== WHAT NEEDS TO BE DONE ==
All lines from the one with "circle A3 centre" through the last are to be given again exactly as they stand in the data below, and only those.

Records from a data source:
▬▬▬▬▬▬▬▬▬▬

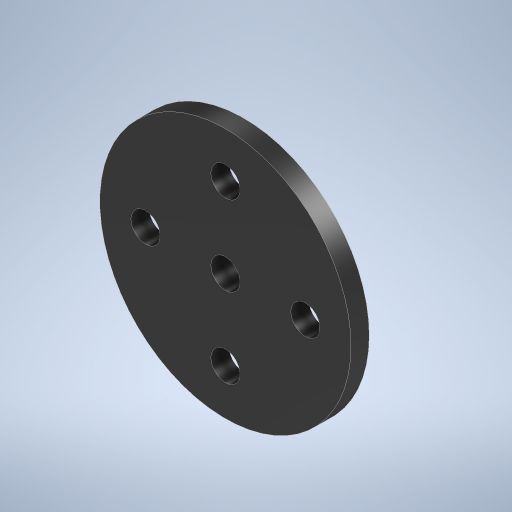
# Autodesk Inventor part: servo horn wide
Saved by Autodesk Inventor 2023 (Build 270158000, 158)
## iProperties
Created: 2023-03-24
Part Number: servo horn wide
Material: 一般
Document SubType Name: Modeling
Designer: zegi
Density: 1 g/cm^3
Appearance: 光沢 - 黒
Author: zegi
Autodesk Inventor part; units mm, degrees
ref_plane "YZ Plane" through (0, 0, 0) normal (1, 0, 0) x (0, 1, 0)
ref_plane "XZ Plane" through (0, 0, 0) normal (0, 1, 0) x (-1, 0, 0)
ref_plane "XY Plane" through (0, 0, 0) normal (0, 0, 1) x (1, 0, 0)
sketch "スケッチ1" plane through (0, 0, 0) normal (0, 0, 1) x (1, 0, 0)
  circle A0 centre (0, 0) radius 13.75
  line L0 (0, 13.75) -> (0, -13.75) construction
  line L1 (13.75, 0) -> (-13.75, 0) construction
  circle A1 centre (0, 0) radius 5
  point P0 (0, 8.75)
  point P1 (0, -8.75)
  point P2 (8.75, 0)
  point P3 (-8.75, 0)
  dimension "d0" = 27.5
  dimension "d1" = 17.5
  dimension "d2" = 17.5
  dimension "d3" = 10
  constraints: 4 end point, 4 midpoint, 4 point on circle, 4 point on line, 3 coincident, 2 centre point, 2 symmetric about line, 1 perpendicular, 1 vertical
  measures "d0" diameter of A0
  measures "d1" distance of point (0, -8.75) point (0, 8.75)
  measures "d2" distance of point (-8.75, 0) point (8.75, 0)
  measures "d3" diameter of A1
extrude "押し出し1" add sketch "スケッチ1" along normal blind 2 contours A0 | A1
extrude "押し出し2" add sketch "スケッチ1" against normal blind 4.7 contours A1
hole "穴1" at (0, 0, 0) at (0, 8.75, 0) at (0, -8.75, 0) at (8.75, 0, 0) at (-8.75, 0, 0) direction (0, 0, -1) diameter 3.2 depth 8 tip angle 118
hole "穴2" at (-8.75, 0, 0) at (0, 8.75, 0) at (8.75, 0, 0) at (0, -8.75, 0) at (0, 0, 0) direction (0, 0, 1) diameter 3.2 depth 8 tip angle 118
sketch "スケッチ3" plane through (0, 0, 2) normal (0, 0, 1) x (1, 0, 0)
  circle A0 centre (0, -8.75) radius 1.6 projected
  circle A1 centre (0, 8.75) radius 1.6 projected
  circle A2 centre (-8.75, 0) radius 1.6 projected
  circle A3 centre (8.75, 0) radius 1.6 projected
  circle A4 centre (0, 0) radius 1.6 projected
  circle A5 centre (0, 0) radius 13.75 projected
equation "\"d2\" = d1"

▬▬▬▬▬▬▬▬▬▬

== FINISHED EXERCISE ==
  circle A3 centre (8.75, 0) radius 1.6 projected
  circle A4 centre (0, 0) radius 1.6 projected
  circle A5 centre (0, 0) radius 13.75 projected
equation "\"d2\" = d1"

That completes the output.